▸ **Exercise prompt**:
Each line from the one containing "#397=ORIENTED_EDGE('',*,*,#377,.T.);" through the final line of the records is to be repeated exactly, with no additions.

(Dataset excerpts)
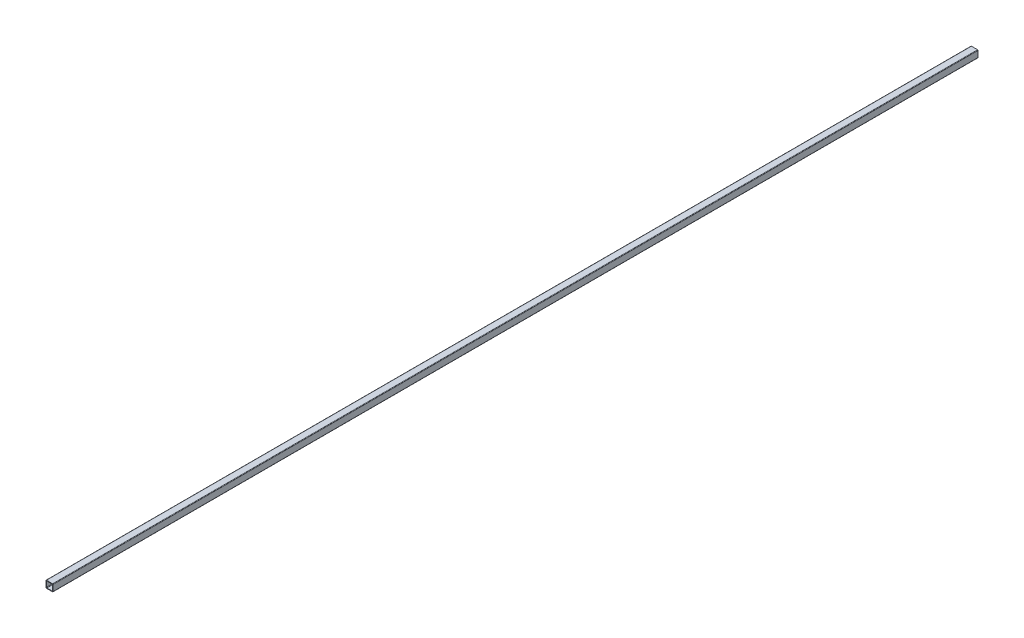
ISO-10303-21;
HEADER;
FILE_DESCRIPTION(('STEP AP214'),'2;1');
FILE_NAME('part.step','',(''),(''),'','','');
FILE_SCHEMA(('AUTOMOTIVE_DESIGN { 1 0 10303 214 1 1 1 1 }'));
ENDSEC;
DATA;
#1=APPLICATION_CONTEXT('core data for automotive mechanical design processes');
#2=APPLICATION_PROTOCOL_DEFINITION('international standard','automotive_design',2000,#1);
#3=PRODUCT_CONTEXT('',#1,'mechanical');
#4=PRODUCT('Part','Part','',(#3));
#5=PRODUCT_RELATED_PRODUCT_CATEGORY('part','',(#4));
#6=PRODUCT_DEFINITION_FORMATION('','',#4);
#7=PRODUCT_DEFINITION_CONTEXT('part definition',#1,'design');
#8=PRODUCT_DEFINITION('design','',#6,#7);
#9=PRODUCT_DEFINITION_SHAPE('','',#8);
#10=(LENGTH_UNIT() NAMED_UNIT(*) SI_UNIT(.MILLI.,.METRE.));
#11=(NAMED_UNIT(*) PLANE_ANGLE_UNIT() SI_UNIT($,.RADIAN.));
#12=(NAMED_UNIT(*) SI_UNIT($,.STERADIAN.) SOLID_ANGLE_UNIT());
#13=UNCERTAINTY_MEASURE_WITH_UNIT(LENGTH_MEASURE(1.E-05),#10,'distance_accuracy_value','');
#14=(GEOMETRIC_REPRESENTATION_CONTEXT(3) GLOBAL_UNCERTAINTY_ASSIGNED_CONTEXT((#13)) GLOBAL_UNIT_ASSIGNED_CONTEXT((#10,
#11,#12)) REPRESENTATION_CONTEXT('',''));
#15=CARTESIAN_POINT('',(0.,0.,0.));
#16=DIRECTION('',(0.,0.,1.));
#17=DIRECTION('',(1.,0.,0.));
#18=AXIS2_PLACEMENT_3D('',#15,#16,#17);
#19=CARTESIAN_POINT('',(2.54,-35.56,5020.));
#20=DIRECTION('',(0.,0.,1.));
#21=DIRECTION('',(1.,0.,0.));
#22=AXIS2_PLACEMENT_3D('',#19,#20,#21);
#23=PLANE('',#22);
#24=CARTESIAN_POINT('',(2.54,-35.56,5020.));
#25=DIRECTION('',(0.,0.,1.));
#26=DIRECTION('',(1.,0.,0.));
#27=AXIS2_PLACEMENT_3D('',#24,#25,#26);
#28=CIRCLE('',#27,2.54);
#29=CARTESIAN_POINT('',(0.,-35.56,5020.));
#30=VERTEX_POINT('',#29);
#31=CARTESIAN_POINT('',(2.54000000000002,-38.1,5020.));
#32=VERTEX_POINT('',#31);
#33=EDGE_CURVE('E212',#30,#32,#28,.T.);
#34=ORIENTED_EDGE('',*,*,#33,.T.);
#35=DIRECTION('',(1.,0.,0.));
#36=VECTOR('',#35,1.);
#37=CARTESIAN_POINT('',(2.54000000000002,-38.1,5020.));
#38=LINE('',#37,#36);
#39=CARTESIAN_POINT('',(35.56,-38.1,5020.));
#40=VERTEX_POINT('',#39);
#41=EDGE_CURVE('E215',#32,#40,#38,.T.);
#42=ORIENTED_EDGE('',*,*,#41,.T.);
#43=CARTESIAN_POINT('',(35.56,-35.56,5020.));
#44=DIRECTION('',(0.,0.,1.));
#45=DIRECTION('',(-1.,0.,0.));
#46=AXIS2_PLACEMENT_3D('',#43,#44,#45);
#47=CIRCLE('',#46,2.54);
#48=CARTESIAN_POINT('',(38.1,-35.56,5020.));
#49=VERTEX_POINT('',#48);
#50=EDGE_CURVE('E218',#40,#49,#47,.T.);
#51=ORIENTED_EDGE('',*,*,#50,.T.);
#52=DIRECTION('',(0.,1.,0.));
#53=VECTOR('',#52,1.);
#54=CARTESIAN_POINT('',(38.1,-2.54000000000002,5020.));
#55=LINE('',#54,#53);
#56=CARTESIAN_POINT('',(38.1,-2.54000000000002,5020.));
#57=VERTEX_POINT('',#56);
#58=EDGE_CURVE('E220',#49,#57,#55,.T.);
#59=ORIENTED_EDGE('',*,*,#58,.T.);
#60=CARTESIAN_POINT('',(35.56,-2.54,5020.));
#61=DIRECTION('',(0.,0.,1.));
#62=DIRECTION('',(1.,0.,0.));
#63=AXIS2_PLACEMENT_3D('',#60,#61,#62);
#64=CIRCLE('',#63,2.54);
#65=CARTESIAN_POINT('',(35.56,0.,5020.));
#66=VERTEX_POINT('',#65);
#67=EDGE_CURVE('E222',#57,#66,#64,.T.);
#68=ORIENTED_EDGE('',*,*,#67,.T.);
#69=DIRECTION('',(-1.,0.,0.));
#70=VECTOR('',#69,1.);
#71=CARTESIAN_POINT('',(2.54000000000002,0.,5020.));
#72=LINE('',#71,#70);
#73=CARTESIAN_POINT('',(2.54000000000002,0.,5020.));
#74=VERTEX_POINT('',#73);
#75=EDGE_CURVE('E224',#66,#74,#72,.T.);
#76=ORIENTED_EDGE('',*,*,#75,.T.);
#77=CARTESIAN_POINT('',(2.54,-2.54,5020.));
#78=DIRECTION('',(0.,0.,1.));
#79=DIRECTION('',(-1.,0.,0.));
#80=AXIS2_PLACEMENT_3D('',#77,#78,#79);
#81=CIRCLE('',#80,2.54);
#82=CARTESIAN_POINT('',(0.,-2.54000000000002,5020.));
#83=VERTEX_POINT('',#82);
#84=EDGE_CURVE('E226',#74,#83,#81,.T.);
#85=ORIENTED_EDGE('',*,*,#84,.T.);
#86=DIRECTION('',(0.,-1.,0.));
#87=VECTOR('',#86,1.);
#88=CARTESIAN_POINT('',(0.,-2.54000000000002,5020.));
#89=LINE('',#88,#87);
#90=EDGE_CURVE('E228',#83,#30,#89,.T.);
#91=ORIENTED_EDGE('',*,*,#90,.T.);
#92=EDGE_LOOP('',(#34,#42,#51,#59,#68,#76,#85,#91));
#93=FACE_BOUND('',#92,.T.);
#94=DIRECTION('',(1.,0.,0.));
#95=VECTOR('',#94,1.);
#96=CARTESIAN_POINT('',(5.30860000000002,-35.3314,5020.));
#97=LINE('',#96,#95);
#98=CARTESIAN_POINT('',(5.30860000000002,-35.3314,5020.));
#99=VERTEX_POINT('',#98);
#100=CARTESIAN_POINT('',(32.7914,-35.3314,5020.));
#101=VERTEX_POINT('',#100);
#102=EDGE_CURVE('E155',#99,#101,#97,.T.);
#103=ORIENTED_EDGE('',*,*,#102,.F.);
#104=CARTESIAN_POINT('',(5.3086,-32.7914,5020.));
#105=DIRECTION('',(0.,0.,1.));
#106=DIRECTION('',(1.,0.,0.));
#107=AXIS2_PLACEMENT_3D('',#104,#105,#106);
#108=CIRCLE('',#107,2.54);
#109=CARTESIAN_POINT('',(2.7686,-32.7914,5020.));
#110=VERTEX_POINT('',#109);
#111=EDGE_CURVE('E147',#110,#99,#108,.T.);
#112=ORIENTED_EDGE('',*,*,#111,.F.);
#113=DIRECTION('',(0.,-1.,0.));
#114=VECTOR('',#113,1.);
#115=CARTESIAN_POINT('',(2.7686,-5.30860000000002,5020.));
#116=LINE('',#115,#114);
#117=CARTESIAN_POINT('',(2.7686,-5.30860000000002,5020.));
#118=VERTEX_POINT('',#117);
#119=EDGE_CURVE('E180',#118,#110,#116,.T.);
#120=ORIENTED_EDGE('',*,*,#119,.F.);
#121=CARTESIAN_POINT('',(5.3086,-5.3086,5020.));
#122=DIRECTION('',(0.,0.,1.));
#123=DIRECTION('',(1.,0.,0.));
#124=AXIS2_PLACEMENT_3D('',#121,#122,#123);
#125=CIRCLE('',#124,2.54);
#126=CARTESIAN_POINT('',(5.30860000000002,-2.7686,5020.));
#127=VERTEX_POINT('',#126);
#128=EDGE_CURVE('E178',#127,#118,#125,.T.);
#129=ORIENTED_EDGE('',*,*,#128,.F.);
#130=DIRECTION('',(-1.,0.,0.));
#131=VECTOR('',#130,1.);
#132=CARTESIAN_POINT('',(5.30860000000002,-2.7686,5020.));
#133=LINE('',#132,#131);
#134=CARTESIAN_POINT('',(32.7914,-2.7686,5020.));
#135=VERTEX_POINT('',#134);
#136=EDGE_CURVE('E176',#135,#127,#133,.T.);
#137=ORIENTED_EDGE('',*,*,#136,.F.);
#138=CARTESIAN_POINT('',(32.7914,-5.3086,5020.));
#139=DIRECTION('',(0.,0.,1.));
#140=DIRECTION('',(1.,0.,0.));
#141=AXIS2_PLACEMENT_3D('',#138,#139,#140);
#142=CIRCLE('',#141,2.54);
#143=CARTESIAN_POINT('',(35.3314,-5.30860000000002,5020.));
#144=VERTEX_POINT('',#143);
#145=EDGE_CURVE('E174',#144,#135,#142,.T.);
#146=ORIENTED_EDGE('',*,*,#145,.F.);
#147=DIRECTION('',(0.,1.,0.));
#148=VECTOR('',#147,1.);
#149=CARTESIAN_POINT('',(35.3314,-5.30860000000002,5020.));
#150=LINE('',#149,#148);
#151=CARTESIAN_POINT('',(35.3314,-32.7914,5020.));
#152=VERTEX_POINT('',#151);
#153=EDGE_CURVE('E170',#152,#144,#150,.T.);
#154=ORIENTED_EDGE('',*,*,#153,.F.);
#155=CARTESIAN_POINT('',(32.7914,-32.7914,5020.));
#156=DIRECTION('',(0.,0.,1.));
#157=DIRECTION('',(1.,0.,0.));
#158=AXIS2_PLACEMENT_3D('',#155,#156,#157);
#159=CIRCLE('',#158,2.54);
#160=EDGE_CURVE('E168',#101,#152,#159,.T.);
#161=ORIENTED_EDGE('',*,*,#160,.F.);
#162=EDGE_LOOP('',(#103,#112,#120,#129,#137,#146,#154,#161));
#163=FACE_BOUND('',#162,.T.);
#164=ADVANCED_FACE('F34',(#93,#163),#23,.T.);
#165=CARTESIAN_POINT('',(2.54,-35.56,0.));
#166=DIRECTION('',(0.,0.,1.));
#167=DIRECTION('',(1.,0.,0.));
#168=AXIS2_PLACEMENT_3D('',#165,#166,#167);
#169=PLANE('',#168);
#170=CARTESIAN_POINT('',(2.54,-35.56,0.));
#171=DIRECTION('',(0.,0.,1.));
#172=DIRECTION('',(1.,0.,0.));
#173=AXIS2_PLACEMENT_3D('',#170,#171,#172);
#174=CIRCLE('',#173,2.54);
#175=CARTESIAN_POINT('',(0.,-35.56,0.));
#176=VERTEX_POINT('',#175);
#177=CARTESIAN_POINT('',(2.54000000000002,-38.1,0.));
#178=VERTEX_POINT('',#177);
#179=EDGE_CURVE('E163',#176,#178,#174,.T.);
#180=ORIENTED_EDGE('',*,*,#179,.F.);
#181=DIRECTION('',(0.,-1.,0.));
#182=VECTOR('',#181,1.);
#183=CARTESIAN_POINT('',(0.,-2.54000000000002,0.));
#184=LINE('',#183,#182);
#185=CARTESIAN_POINT('',(0.,-2.54000000000002,0.));
#186=VERTEX_POINT('',#185);
#187=EDGE_CURVE('E216',#186,#176,#184,.T.);
#188=ORIENTED_EDGE('',*,*,#187,.F.);
#189=CARTESIAN_POINT('',(2.54,-2.54,0.));
#190=DIRECTION('',(0.,0.,1.));
#191=DIRECTION('',(-1.,0.,0.));
#192=AXIS2_PLACEMENT_3D('',#189,#190,#191);
#193=CIRCLE('',#192,2.54);
#194=CARTESIAN_POINT('',(2.54000000000002,0.,0.));
#195=VERTEX_POINT('',#194);
#196=EDGE_CURVE('E243',#195,#186,#193,.T.);
#197=ORIENTED_EDGE('',*,*,#196,.F.);
#198=DIRECTION('',(-1.,0.,0.));
#199=VECTOR('',#198,1.);
#200=CARTESIAN_POINT('',(2.54000000000002,0.,0.));
#201=LINE('',#200,#199);
#202=CARTESIAN_POINT('',(35.56,0.,0.));
#203=VERTEX_POINT('',#202);
#204=EDGE_CURVE('E241',#203,#195,#201,.T.);
#205=ORIENTED_EDGE('',*,*,#204,.F.);
#206=CARTESIAN_POINT('',(35.56,-2.54,0.));
#207=DIRECTION('',(0.,0.,1.));
#208=DIRECTION('',(1.,0.,0.));
#209=AXIS2_PLACEMENT_3D('',#206,#207,#208);
#210=CIRCLE('',#209,2.54);
#211=CARTESIAN_POINT('',(38.1,-2.54000000000002,0.));
#212=VERTEX_POINT('',#211);
#213=EDGE_CURVE('E239',#212,#203,#210,.T.);
#214=ORIENTED_EDGE('',*,*,#213,.F.);
#215=DIRECTION('',(0.,1.,0.));
#216=VECTOR('',#215,1.);
#217=CARTESIAN_POINT('',(38.1,-2.54000000000002,0.));
#218=LINE('',#217,#216);
#219=CARTESIAN_POINT('',(38.1,-35.56,0.));
#220=VERTEX_POINT('',#219);
#221=EDGE_CURVE('E237',#220,#212,#218,.T.);
#222=ORIENTED_EDGE('',*,*,#221,.F.);
#223=CARTESIAN_POINT('',(35.56,-35.56,0.));
#224=DIRECTION('',(0.,0.,1.));
#225=DIRECTION('',(-1.,0.,0.));
#226=AXIS2_PLACEMENT_3D('',#223,#224,#225);
#227=CIRCLE('',#226,2.54);
#228=CARTESIAN_POINT('',(35.56,-38.1,0.));
#229=VERTEX_POINT('',#228);
#230=EDGE_CURVE('E235',#229,#220,#227,.T.);
#231=ORIENTED_EDGE('',*,*,#230,.F.);
#232=DIRECTION('',(1.,0.,0.));
#233=VECTOR('',#232,1.);
#234=CARTESIAN_POINT('',(2.54000000000002,-38.1,0.));
#235=LINE('',#234,#233);
#236=EDGE_CURVE('E233',#178,#229,#235,.T.);
#237=ORIENTED_EDGE('',*,*,#236,.F.);
#238=EDGE_LOOP('',(#180,#188,#197,#205,#214,#222,#231,#237));
#239=FACE_BOUND('',#238,.T.);
#240=CARTESIAN_POINT('',(5.3086,-32.7914,0.));
#241=DIRECTION('',(0.,0.,1.));
#242=DIRECTION('',(1.,0.,0.));
#243=AXIS2_PLACEMENT_3D('',#240,#241,#242);
#244=CIRCLE('',#243,2.54);
#245=CARTESIAN_POINT('',(2.7686,-32.7914,0.));
#246=VERTEX_POINT('',#245);
#247=CARTESIAN_POINT('',(5.30860000000002,-35.3314,0.));
#248=VERTEX_POINT('',#247);
#249=EDGE_CURVE('E57',#246,#248,#244,.T.);
#250=ORIENTED_EDGE('',*,*,#249,.T.);
#251=DIRECTION('',(1.,0.,0.));
#252=VECTOR('',#251,1.);
#253=CARTESIAN_POINT('',(5.30860000000002,-35.3314,0.));
#254=LINE('',#253,#252);
#255=CARTESIAN_POINT('',(32.7914,-35.3314,0.));
#256=VERTEX_POINT('',#255);
#257=EDGE_CURVE('E162',#248,#256,#254,.T.);
#258=ORIENTED_EDGE('',*,*,#257,.T.);
#259=CARTESIAN_POINT('',(32.7914,-32.7914,0.));
#260=DIRECTION('',(0.,0.,1.));
#261=DIRECTION('',(1.,0.,0.));
#262=AXIS2_PLACEMENT_3D('',#259,#260,#261);
#263=CIRCLE('',#262,2.54);
#264=CARTESIAN_POINT('',(35.3314,-32.7914,0.));
#265=VERTEX_POINT('',#264);
#266=EDGE_CURVE('E184',#256,#265,#263,.T.);
#267=ORIENTED_EDGE('',*,*,#266,.T.);
#268=DIRECTION('',(0.,1.,0.));
#269=VECTOR('',#268,1.);
#270=CARTESIAN_POINT('',(35.3314,-5.30860000000002,0.));
#271=LINE('',#270,#269);
#272=CARTESIAN_POINT('',(35.3314,-5.30860000000002,0.));
#273=VERTEX_POINT('',#272);
#274=EDGE_CURVE('E187',#265,#273,#271,.T.);
#275=ORIENTED_EDGE('',*,*,#274,.T.);
#276=CARTESIAN_POINT('',(32.7914,-5.3086,0.));
#277=DIRECTION('',(0.,0.,1.));
#278=DIRECTION('',(1.,0.,0.));
#279=AXIS2_PLACEMENT_3D('',#276,#277,#278);
#280=CIRCLE('',#279,2.54);
#281=CARTESIAN_POINT('',(32.7914,-2.7686,0.));
#282=VERTEX_POINT('',#281);
#283=EDGE_CURVE('E190',#273,#282,#280,.T.);
#284=ORIENTED_EDGE('',*,*,#283,.T.);
#285=DIRECTION('',(-1.,0.,0.));
#286=VECTOR('',#285,1.);
#287=CARTESIAN_POINT('',(5.30860000000002,-2.7686,0.));
#288=LINE('',#287,#286);
#289=CARTESIAN_POINT('',(5.30860000000002,-2.7686,0.));
#290=VERTEX_POINT('',#289);
#291=EDGE_CURVE('E193',#282,#290,#288,.T.);
#292=ORIENTED_EDGE('',*,*,#291,.T.);
#293=CARTESIAN_POINT('',(5.3086,-5.3086,0.));
#294=DIRECTION('',(0.,0.,1.));
#295=DIRECTION('',(1.,0.,0.));
#296=AXIS2_PLACEMENT_3D('',#293,#294,#295);
#297=CIRCLE('',#296,2.54);
#298=CARTESIAN_POINT('',(2.7686,-5.30860000000002,0.));
#299=VERTEX_POINT('',#298);
#300=EDGE_CURVE('E196',#290,#299,#297,.T.);
#301=ORIENTED_EDGE('',*,*,#300,.T.);
#302=DIRECTION('',(0.,-1.,0.));
#303=VECTOR('',#302,1.);
#304=CARTESIAN_POINT('',(2.7686,-5.30860000000002,0.));
#305=LINE('',#304,#303);
#306=EDGE_CURVE('E156',#299,#246,#305,.T.);
#307=ORIENTED_EDGE('',*,*,#306,.T.);
#308=EDGE_LOOP('',(#250,#258,#267,#275,#284,#292,#301,#307));
#309=FACE_BOUND('',#308,.T.);
#310=ADVANCED_FACE('F273',(#239,#309),#169,.F.);
#311=CARTESIAN_POINT('',(2.54,-35.56,5020.));
#312=DIRECTION('',(0.,0.,-1.));
#313=DIRECTION('',(-1.,0.,0.));
#314=AXIS2_PLACEMENT_3D('',#311,#312,#313);
#315=CYLINDRICAL_SURFACE('',#314,2.54);
#316=ORIENTED_EDGE('',*,*,#179,.T.);
#317=DIRECTION('',(0.,0.,-1.));
#318=VECTOR('',#317,1.);
#319=CARTESIAN_POINT('',(2.54000000000002,-38.1,5020.));
#320=LINE('',#319,#318);
#321=EDGE_CURVE('E11',#32,#178,#320,.T.);
#322=ORIENTED_EDGE('',*,*,#321,.F.);
#323=ORIENTED_EDGE('',*,*,#33,.F.);
#324=DIRECTION('',(0.,0.,-1.));
#325=VECTOR('',#324,1.);
#326=CARTESIAN_POINT('',(0.,-35.56,5020.));
#327=LINE('',#326,#325);
#328=EDGE_CURVE('E230',#30,#176,#327,.T.);
#329=ORIENTED_EDGE('',*,*,#328,.T.);
#330=EDGE_LOOP('',(#316,#322,#323,#329));
#331=FACE_BOUND('',#330,.T.);
#332=ADVANCED_FACE('F36',(#331),#315,.T.);
#333=CARTESIAN_POINT('',(2.54000000000002,-38.1,5020.));
#334=DIRECTION('',(0.,1.,0.));
#335=DIRECTION('',(0.,0.,1.));
#336=AXIS2_PLACEMENT_3D('',#333,#334,#335);
#337=PLANE('',#336);
#338=ORIENTED_EDGE('',*,*,#236,.T.);
#339=DIRECTION('',(0.,0.,-1.));
#340=VECTOR('',#339,1.);
#341=CARTESIAN_POINT('',(35.56,-38.1,5020.));
#342=LINE('',#341,#340);
#343=EDGE_CURVE('E42',#40,#229,#342,.T.);
#344=ORIENTED_EDGE('',*,*,#343,.F.);
#345=ORIENTED_EDGE('',*,*,#41,.F.);
#346=ORIENTED_EDGE('',*,*,#321,.T.);
#347=EDGE_LOOP('',(#338,#344,#345,#346));
#348=FACE_BOUND('',#347,.T.);
#349=ADVANCED_FACE('F290',(#348),#337,.F.);
#350=CARTESIAN_POINT('',(35.56,-35.56,5020.));
#351=DIRECTION('',(0.,0.,-1.));
#352=DIRECTION('',(-1.,0.,0.));
#353=AXIS2_PLACEMENT_3D('',#350,#351,#352);
#354=CYLINDRICAL_SURFACE('',#353,2.54);
#355=ORIENTED_EDGE('',*,*,#230,.T.);
#356=DIRECTION('',(0.,0.,-1.));
#357=VECTOR('',#356,1.);
#358=CARTESIAN_POINT('',(38.1,-35.56,5020.));
#359=LINE('',#358,#357);
#360=EDGE_CURVE('E260',#49,#220,#359,.T.);
#361=ORIENTED_EDGE('',*,*,#360,.F.);
#362=ORIENTED_EDGE('',*,*,#50,.F.);
#363=ORIENTED_EDGE('',*,*,#343,.T.);
#364=EDGE_LOOP('',(#355,#361,#362,#363));
#365=FACE_BOUND('',#364,.T.);
#366=ADVANCED_FACE('F267',(#365),#354,.T.);
#367=CARTESIAN_POINT('',(38.1,-2.54000000000002,5020.));
#368=DIRECTION('',(-1.,0.,0.));
#369=DIRECTION('',(0.,-1.,0.));
#370=AXIS2_PLACEMENT_3D('',#367,#368,#369);
#371=PLANE('',#370);
#372=ORIENTED_EDGE('',*,*,#221,.T.);
#373=DIRECTION('',(0.,0.,-1.));
#374=VECTOR('',#373,1.);
#375=CARTESIAN_POINT('',(38.1,-2.54000000000002,5020.));
#376=LINE('',#375,#374);
#377=EDGE_CURVE('E257',#57,#212,#376,.T.);
#378=ORIENTED_EDGE('',*,*,#377,.F.);
#379=ORIENTED_EDGE('',*,*,#58,.F.);
#380=ORIENTED_EDGE('',*,*,#360,.T.);
#381=EDGE_LOOP('',(#372,#378,#379,#380));
#382=FACE_BOUND('',#381,.T.);
#383=ADVANCED_FACE('F279',(#382),#371,.F.);
#384=CARTESIAN_POINT('',(35.56,-2.54,5020.));
#385=DIRECTION('',(0.,0.,-1.));
#386=DIRECTION('',(-1.,0.,0.));
#387=AXIS2_PLACEMENT_3D('',#384,#385,#386);
#388=CYLINDRICAL_SURFACE('',#387,2.54);
#389=ORIENTED_EDGE('',*,*,#213,.T.);
#390=DIRECTION('',(0.,0.,-1.));
#391=VECTOR('',#390,1.);
#392=CARTESIAN_POINT('',(35.56,0.,5020.));
#393=LINE('',#392,#391);
#394=EDGE_CURVE('E254',#66,#203,#393,.T.);
#395=ORIENTED_EDGE('',*,*,#394,.F.);
#396=ORIENTED_EDGE('',*,*,#67,.F.);
#397=ORIENTED_EDGE('',*,*,#377,.T.);
#398=EDGE_LOOP('',(#389,#395,#396,#397));
#399=FACE_BOUND('',#398,.T.);
#400=ADVANCED_FACE('F283',(#399),#388,.T.);
#401=CARTESIAN_POINT('',(2.54000000000002,0.,5020.));
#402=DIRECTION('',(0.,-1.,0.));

▸ **Result of this task**:
#397=ORIENTED_EDGE('',*,*,#377,.T.);
#398=EDGE_LOOP('',(#389,#395,#396,#397));
#399=FACE_BOUND('',#398,.T.);
#400=ADVANCED_FACE('F283',(#399),#388,.T.);
#401=CARTESIAN_POINT('',(2.54000000000002,0.,5020.));
#402=DIRECTION('',(0.,-1.,0.));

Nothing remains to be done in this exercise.